Beberapa tahun terakhir, rumah sakit di Indonesia semakin gencar melakukan modernisasi. Salah satunya lewat penerapan sistem digitalisasi pendaftaran pasien. Inovasi ini hadir dalam bentuk mesin anjungan mandiri, di mana pasien bisa langsung mengisi data sendiri tanpa harus antre lama di loket administrasi.
Secara konsep, sistem ini jelas menjanjikan. Pasien tidak perlu berinteraksi panjang dengan petugas, proses pendaftaran lebih cepat, dan beban kerja administrasi bisa berkurang. Dengan begitu, tenaga kesehatan dan staf rumah sakit dapat lebih fokus pada pelayanan inti yang bersifat medis dan strategis.
Namun, kenyataan di lapangan sering kali tidak seindah teorinya. Dalam sebuah kasus, meskipun mesin pendaftaran sudah tersedia, pasien tetap dipanggil manual untuk didaftarkan oleh petugas. Akibatnya, mesin yang seharusnya membantu justru tidak dimanfaatkan sebagaimana mestinya. Pertanyaan pun muncul: apa yang sebenarnya terjadi?

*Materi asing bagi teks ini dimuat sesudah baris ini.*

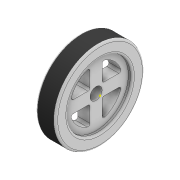
# Autodesk Inventor part: cock wheel
Saved by Autodesk Inventor 2021 (Build 250183000, 183)
## iProperties
Created: 2021-06-21
Part Number: cock wheel
Material: Generic
Document SubType Name: Modeling
Designer: user
Density: 1 g/cm^3
Appearance: Default
Author: user
Autodesk Inventor part; units mm, degrees
ref_plane "YZ Plane" through (0, 0, 0) normal (1, 0, 0) x (0, 1, 0)
ref_plane "XZ Plane" through (0, 0, 0) normal (0, 1, 0) x (-1, 0, 0)
ref_plane "XY Plane" through (0, 0, 0) normal (0, 0, 1) x (1, 0, 0)
sketch "Sketch1" plane through (0, 0, 0) normal (1, 0, 0) x (0, 1, 0)
  point P0 (0, 0)
sketch "Sketch2" plane through (0, 0, 0) normal (1, 0, 0) x (0, 1, 0)
  circle A0 centre (0, 0) radius 69.85
  dimension "d0" = 139.7
  constraints: 1 centre point, 1 coincident
  measures "d0" diameter of A0
extrude "Extrusion1" add sketch "Sketch2" along normal blind 31.75
sketch "Sketch3" plane through (0, 0, 0) normal (-1, 0, 0) x (0, 0, 1)
  circle A0 centre (0, 0) radius 50.8
  dimension "d3" = 101.6
  constraints: 1 centre point, 1 coincident
  measures "d3" diameter of A0
extrude "Extrusion2" cut sketch "Sketch3" against normal blind 6.35
sketch "Sketch4" plane through (31.75, 0, 0) normal (1, 0, 0) x (0, 0, -1)
  circle A0 centre (0, 0) radius 50.8
  dimension "d6" = 101.6
  constraints: 1 centre point, 1 coincident
  measures "d6" diameter of A0
extrude "Extrusion3" cut sketch "Sketch4" against normal blind 6.35
sketch "Sketch5" plane through (6.35, 0, 0) normal (-1, 0, 0) x (0, 0, 1)
  circle A0 centre (0, 0) radius 9.525
  line L0 (9.525, 0) -> (9.525, 40.1609)
  circle A1 centre (0, 0) radius 50.8 projected
  line L1 (9.525, -9.525) -> (9.525, -40.1609)
  line L2 (-9.525, 9.525) -> (-40.1609, 9.525)
  line L3 (9.525, 9.525) -> (40.1609, 9.525)
  line L4 (-9.525, 9.525) -> (-9.525, 40.1609)
  line L5 (-9.525, -9.525) -> (-9.525, -40.1609)
  line L6 (-9.525, -9.525) -> (-40.1609, -9.525)
  line L7 (9.525, -9.525) -> (40.1609, -9.525)
  arc A2 (9.525, -40.1609) -> (40.1609, -9.525) centre (0, 0) ccw
  arc A3 (40.1609, 9.525) -> (9.525, 40.1609) centre (0, 0) ccw
  arc A4 (-9.525, 40.1609) -> (-40.1609, 9.525) centre (0, 0) ccw
  arc A5 (-40.1609, -9.525) -> (-9.525, -40.1609) centre (0, 0) ccw
  constraints: 16 end point, 8 point on circle, 4 centre point, 3 horizontal, 3 vertical, 2 coincident, 2 perpendicular, 1 horizontal alignment, 1 point on line, 2 other
sketch "Sketch6" plane through (6.35, 0, 0) normal (-1, 0, 0) x (0, 0, 1)
  point P0 (0, 0)
sketch "Sketch7" plane through (6.35, 0, 0) normal (-1, 0, 0) x (0, 0, 1)
  point P0 (0, 0)
extrude "Extrusion4" cut sketch "Sketch5" against normal through all contours A0 | L0 A3 L3 | L7 A2 L1 | L2 A4 L4 | L5 A5 L6
fillet "Fillet1" radius 3.175 12 edges at (15.875, 9.525, -9.525) (15.875, 9.525, 9.525) (15.875, -9.525, 9.525) (15.875, 40.1609, 9.525) (15.875, 9.525, 40.1609) (15.875, -40.1609, 9.525) (15.875, 9.525, -40.1609) (15.875, -9.525, -9.525) (15.875, -9.525, -40.1609) (15.875, -40.1609, -9.525) (15.875, -9.525, 40.1609) (15.875, 40.1609, -9.525)
fillet "Fillet2" radius 3.175 4 edges at (0, -69.85, 0) (0, 0, -50.8) (31.75, -69.85, 0) (31.75, 0, 50.8)
sketch "Sketch8" plane through (31.75, 0, 0) normal (1, 0, 0) x (0, 0, -1)
  point P0 (0, 0)
sketch "Sketch9" plane through (0, 0, 0) normal (0, 1, 0) x (-1, 0, 0)
  point P0 (0, 0)
body "Solid1"
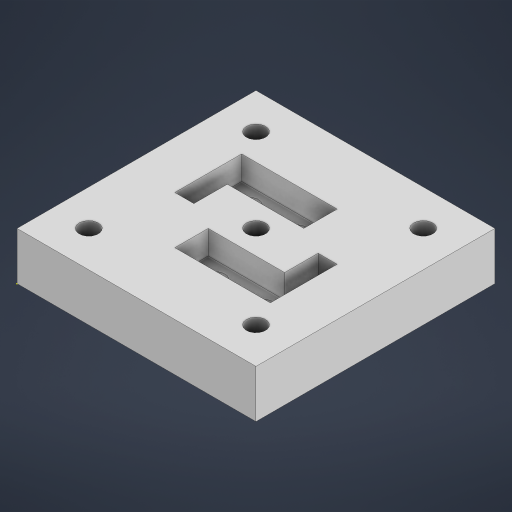
# Autodesk Inventor part: 2_inner_leg_top_plate
Saved by Autodesk Inventor 2024 (Build 280153000, 153)
## iProperties
Created: 2023-05-23
Part Number: 2_inner_leg_top_plate
Material: Generic
Document SubType Name: Modeling
Designer: aasmu
Density: 1 g/cm^3
Appearance: Default
Author: aasmu
Autodesk Inventor part; units mm, degrees
ref_plane "YZ Plane" through (0, 0, 0) normal (1, 0, 0) x (0, 1, 0)
ref_plane "XZ Plane" through (0, 0, 0) normal (0, 1, 0) x (-1, 0, 0)
ref_plane "XY Plane" through (0, 0, 0) normal (0, 0, 1) x (1, 0, 0)
sketch "Sketch1" plane through (0, 0, 0) normal (0, 1, 0) x (-1, 0, 0)
  point P0 (0, 0)
sketch "Sketch2" plane through (0, 0, 0) normal (0, 1, 0) x (-1, 0, 0)
  line L0 (0, 0) -> (-50, 0)
  line L1 (-50, 0) -> (-50, -50)
  line L2 (-50, -50) -> (0, -50)
  line L3 (0, -50) -> (0, 0)
  line L4 (0, -25) -> (-11.3835, -25)
  line L5 (-25, -50) -> (-25, 0)
  circle A0 centre (-7.5, -42.5) radius 2
  circle A1 centre (-7.5, -7.5) radius 2
  line L6 (-7.5, -42.5) -> (-7.5, -50)
  line L7 (-7.5, -7.5) -> (-7.5, 0)
  line L8 (-7.5, -42.5) -> (0, -42.5)
  line L9 (-10, -27) -> (-14, -27)
  line L10 (-14, -27) -> (-14, -23)
  line L11 (-14, -23) -> (-10, -23)
  line L12 (-10, -23) -> (-10, -27)
  circle A2 centre (-42.5, -42.5) radius 2
  circle A3 centre (-42.5, -7.5) radius 2
  line L13 (-40, -27) -> (-36, -27)
  line L14 (-36, -27) -> (-36, -23)
  line L15 (-36, -23) -> (-40, -23)
  line L16 (-40, -23) -> (-40, -27)
  circle A4 centre (-25, -25) radius 2
  line L17 (-14, -27) -> (-14, -30)
  line L18 (-14, -30) -> (-30, -30)
  line L19 (-30, -30) -> (-30, -37)
  line L20 (-30, -37) -> (-10, -37)
  line L21 (-10, -37) -> (-10, -27)
  line L22 (-40, -23) -> (-40, -13)
  line L23 (-40, -13) -> (-20, -13)
  line L24 (-20, -13) -> (-20, -20)
  line L25 (-20, -20) -> (-36, -20)
  line L26 (-36, -20) -> (-36, -23)
  line L27 (-30, -33.5) -> (-10, -33.5)
  line L28 (-20, -16.5) -> (-40, -16.5)
  circle A5 centre (-25, -33.5) radius 2
  circle A6 centre (-15, -33.5) radius 2
  circle A7 centre (-25, -16.5) radius 2
  circle A8 centre (-35, -16.5) radius 2
  point P0 (-10, -25)
  point P1 (-40, -25)
  dimension "d0" = 50
  dimension "d1" = 4
  dimension "d2" = 35
  dimension "d6" = 4
  dimension "d7" = 10
  dimension "d8" = 4
  dimension "d9" = 10
  dimension "d10" = 7
  dimension "d11" = 20
  dimension "d12" = 10
  dimension "d13" = 10
  dimension "d14" = 4
  dimension "d15" = 4
  dimension "d16" = 4
  dimension "d17" = 4
  constraints: 58 end point, 12 perpendicular, 12 point on line, 9 centre point, 7 equal length, 7 midpoint, 7 symmetric about line, 5 coincident, 4 horizontal, 4 parallel, 3 vertical, 2 collinear, 1 equal radius, 2 other
  measures "d0" distance of L2.end L0.start
  measures "d1" diameter of A0
  measures "d2" distance of L7.start L6.start
  measures "d6" distance of L9.end L10.end
  measures "d7" distance of point (-10, -25) L4.start
  measures "d8" diameter of A4
  measures "d9" distance of L20.end L9.start
  measures "d10" distance of L18.end L19.end
  measures "d11" distance of L19.end L20.end
  measures "d12" distance of point (-25, -33.5) point (-15, -33.5)
  measures "d13" distance of point (-35, -16.5) point (-25, -16.5)
  measures "d14" diameter of A5
  measures "d15" diameter of A6
  measures "d16" diameter of A7
  measures "d17" diameter of A8
extrude "Extrusion1" add sketch "Sketch2" along normal blind 10 contours L3 L4 L12 L11 L10 L17 L18 L5 A4 L25 L24 L23 L0 | L3 L8 A0 L6 L2 L5 L20 L21 L12 L4 | L5 L23 L22 L16 L13 L14 L26 L25 A4 L18 L19 L20 L2 L1 L0 | L3 L2 L6 A0 L8
extrude "Extrusion2" add sketch "Sketch2" along normal blind 5 contours L23 L24 L28 A7 L5 | L5 A7 L28 A8 L22 L23 | L21 L27 A6 A5 L5 L18 L17 L9 | L21 L20 L5 A5 L27 A6 | L28 L24 L25 L5 A7 | A7 L5 L25 L26 L15 L22 L28 A8 | L20 L19 L27 A5 L5 | L5 A5 L27 L19 L18
fillet "Fillet1" radius 2 2 edges at (12, 5, -27) (38, 5, -23)
equation "\"d0\" = width"
equation "\"d1\" = screw_hole_diameter"
equation "\"d2\" = hole_spacing"
equation "\"d6\" = cabel_channel_depth"
equation "\"d7\" = rail_depth"
equation "\"d8\" = screw_hole_diameter"
equation "\"d18\" = plate_thicknes"
equation "\"d20\" = 0.5 * plate_thicknes"
equation "\"plate_thicknes\" = 10"
equation "\"width\" = 50"
equation "\"screw_hole_diameter\" = 4"
equation "\"hole_spacing\" = 35"
equation "\"cabel_channel_depth\" = 4"
equation "\"rail_depth\" = 10"
body "Solid1"
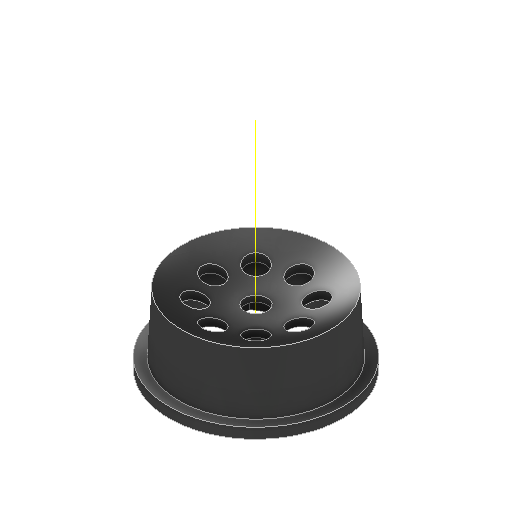
# Autodesk Inventor part: RIM ver 1
Saved by Autodesk Inventor 2023 (Build 270158000, 158)
## iProperties
Created: 2023-03-21
Part Number: RIM ver 1
Material: Generic
Document SubType Name: Modeling
Designer: Juyoung Han
Density: 1 g/cm^3
Appearance: Glossy - Black
Author: Juyoung Han
Autodesk Inventor part; units mm, degrees
ref_plane "YZ Plane" through (0, 0, 0) normal (1, 0, 0) x (0, 1, 0)
ref_plane "XZ Plane" through (0, 0, 0) normal (0, 1, 0) x (-1, 0, 0)
ref_plane "XY Plane" through (0, 0, 0) normal (0, 0, 1) x (1, 0, 0)
sketch "Sketch1" plane through (0, 0, 0) normal (0, 0, 1) x (1, 0, 0)
  line L0 (68.5, -28.5) -> (70.5, -28.5)
  line L1 (70.5, -28.5) -> (70.5, -20)
  line L2 (68.5, -28.5) -> (68.5, -22.5)
  line L3 (68.5, -22.5) -> (66.5, -22.5)
  line L4 (66.5, -22.5) -> (66.5, -24.5)
  line L5 (66.5, -24.5) -> (59.5, -24.5)
  line L6 (70.5, -20) -> (62.5, -20)
  line L7 (62.5, -20) -> (59.9389, 28.8689)
  line L8 (62.5, -20) -> (70.5, -20) construction
  line L9 (9.25, 16.5) -> (9.25, 11.5)
  line L10 (19, 11.5) -> (19, 3.5)
  line L11 (12, 3.5) -> (12, 11.5)
  arc A0 (9.25, 16.5) -> (59.9582, 28.5) centre (9.25, 129.6385) ccw
  line L12 (12, 11.5) -> (9.25, 11.5)
  line L13 (9.25, 11.5) -> (12, 11.5)
  line L14 (19, 3.5) -> (12, 3.5)
  line L15 (59.5, -24.5) -> (57.5607, 12.5037)
  line L16 (59.5, -24.5) -> (96.5545, -24.5) construction
  line L17 (57.5607, 12.5037) -> (57.1249, 20.8194)
  arc A1 (19, 11.5) -> (57.1249, 20.8194) centre (19, 94.1424) ccw
  line L18 (0, -60.1277) -> (0, 161.2662) projected
  point P0 (0, 0)
  point P1 (9.25, 14)
  dimension "d4" = 6
  dimension "d5" = 2
  dimension "d6" = 2
  dimension "d7" = 7
  dimension "d8" = 8
  dimension "d9" = 8.5
  dimension "d10" = 2
  dimension "d11" = 48.936
  dimension "d12" = 93
  dimension "d17" = 8
  dimension "d23" = 93
  constraints: 36 end point, 5 perpendicular, 4 horizontal, 4 point on circle, 2 centre point, 2 point on line, 1 equal length, 1 midpoint, 1 parallel, 1 vertical
  measures "d4" distance of L0.start L2.end
  measures "d5" distance of L2.end L3.end
  measures "d6" distance of L3.end L4.end
  measures "d7" distance of L4.end L5.end
  measures "d8" distance of L1.end L6.end
  measures "d9" distance between parallel lines of L0 L6
  measures "d10" distance between parallel lines of L1 L2
  measures "d11" distance of L6.end L7.end
  measures "d12" angle of L8 L7
  measures "d17" distance of L10.start L10.end
  measures "d23" angle of L16 L15
revolve "Revolution1" add sketch "Sketch1" angle 360 about axis through (0, -10, 0) along (0, 1, 0)
sketch "Sketch2" plane through (0, 3.5, 0) normal (0, -1, 0) x (1, 0, 0)
  circle A0 centre (0, 0) radius 12 projected
  circle A1 centre (0, 0) radius 19 projected
  line L0 (12, 6.9282) -> (12, -6.9282)
  line L1 (12, -6.9282) -> (0, -13.8564)
  line L2 (0, -13.8564) -> (-12, -6.9282)
  line L3 (-12, -6.9282) -> (-12, 6.9282)
  line L4 (-12, 6.9282) -> (0, 13.8564)
  line L5 (0, 13.8564) -> (12, 6.9282)
  point P0 (10.3923, -6)
  dimension "d47" = 24
  dimension "d48" = 0
  constraints: 12 end point, 2 coincident, 15 other
  measures "d47" distance between parallel lines of L4 L1
  measures "d48" horizontal distance of point (0, 0) L4.end
sketch "Sketch3" plane through (0, 3.5, 0) normal (0, -1, 0) x (1, 0, 0)
  circle A0 centre (0, 35) radius 8.75
  circle A1 centre (-24.7487, 24.7487) radius 8.75
  circle A2 centre (-35, 0) radius 8.75
  circle A3 centre (-24.7487, -24.7487) radius 8.75
  circle A4 centre (0, -35) radius 8.75
  circle A5 centre (24.7487, -24.7487) radius 8.75
  circle A6 centre (35, 0) radius 8.75
  circle A7 centre (24.7487, 24.7487) radius 8.75
  point P0 (0, 0)
  dimension "d26" = 17.5
  dimension "d27" = 35
  dimension "d30" = 360
  constraints: 8 centre point, 17 other
  measures "d26" diameter of A0
  measures "d27" distance of A0.centre point (0, 0)
extrude "Extrusion1" cut sketch "Sketch3" against normal through all
sketch "Sketch4" plane through (0, -24.5, 0) normal (0, -1, 0) x (1, 0, 0)
  circle A0 centre (-63, 0) radius 2.25
  circle A1 centre (-50.9681, -37.0305) radius 2.25
  circle A2 centre (-19.4681, -59.9166) radius 2.25
  circle A3 centre (19.4681, -59.9166) radius 2.25
  circle A4 centre (50.9681, -37.0305) radius 2.25
  circle A5 centre (63, 0) radius 2.25
  circle A6 centre (50.9681, 37.0305) radius 2.25
  circle A7 centre (19.4681, 59.9166) radius 2.25
  circle A8 centre (-19.4681, 59.9166) radius 2.25
  circle A9 centre (-50.9681, 37.0305) radius 2.25
  circle A10 centre (-63, 0) radius 1.25
  circle A11 centre (-50.9681, -37.0305) radius 1.25
  circle A12 centre (-19.4681, -59.9166) radius 1.25
  circle A13 centre (19.4681, -59.9166) radius 1.25
  circle A14 centre (50.9681, -37.0305) radius 1.25
  circle A15 centre (63, 0) radius 1.25
  circle A16 centre (50.9681, 37.0305) radius 1.25
  circle A17 centre (19.4681, 59.9166) radius 1.25
  circle A18 centre (-19.4681, 59.9166) radius 1.25
  circle A19 centre (-50.9681, 37.0305) radius 1.25
  point P0 (0, 0)
  dimension "d34" = 4.5
  dimension "d35" = 63
  dimension "d38" = 360
  dimension "d40" = 2.5
  dimension "d43" = 360
  constraints: 20 centre point, 1 coincident, 42 other
  measures "d34" diameter of A0
  measures "d35" distance of point (0, 0) A0.centre
  measures "d40" diameter of A10
extrude "Extrusion2" add sketch "Sketch4" along normal blind 2
extrude "Extrusion3" cut sketch "Sketch2" against normal blind 8 contours A0 | L0 L1 A0 | A0 L5 L0 | A0 L4 L5 | L1 L2 A0 | A0 L3 L4 | L2 L3 A0
body "Solid1"

Harapan Tinggi, Realitas Tak Selalu Mulus
Jika dilihat sekilas, masalah ini bukan pada teknologinya, melainkan pada pemanfaatannya. Mesin sudah ada, sistem sudah berjalan, tapi pasien tetap mengandalkan petugas. Fenomena ini sering kita jumpai ketika teknologi baru masuk ke ruang publik.
Beberapa faktor yang mungkin memengaruhi antara lain:
Pasien belum terbiasa
Tidak semua pasien paham teknologi. Terutama pasien lansia atau mereka yang tidak akrab dengan mesin digital. Alih-alih mencoba sendiri, mereka merasa lebih aman jika dilayani oleh petugas.Kebiasaan lama sulit ditinggalkan
Budaya antre di loket dan dipanggil manual sudah melekat selama puluhan tahun. Mengubah pola pikir dari "dilayani" menjadi "melayani diri sendiri" butuh waktu.Peran petugas yang masih dominan
Petugas yang masih mengutamakan cara manual tanpa mendorong pasien mencoba mesin membuat digitalisasi tidak berjalan optimal.Masalah teknis
Mesin yang error sekali saja bisa menurunkan kepercayaan pasien. Setelah itu, mereka cenderung enggan menggunakan lagi.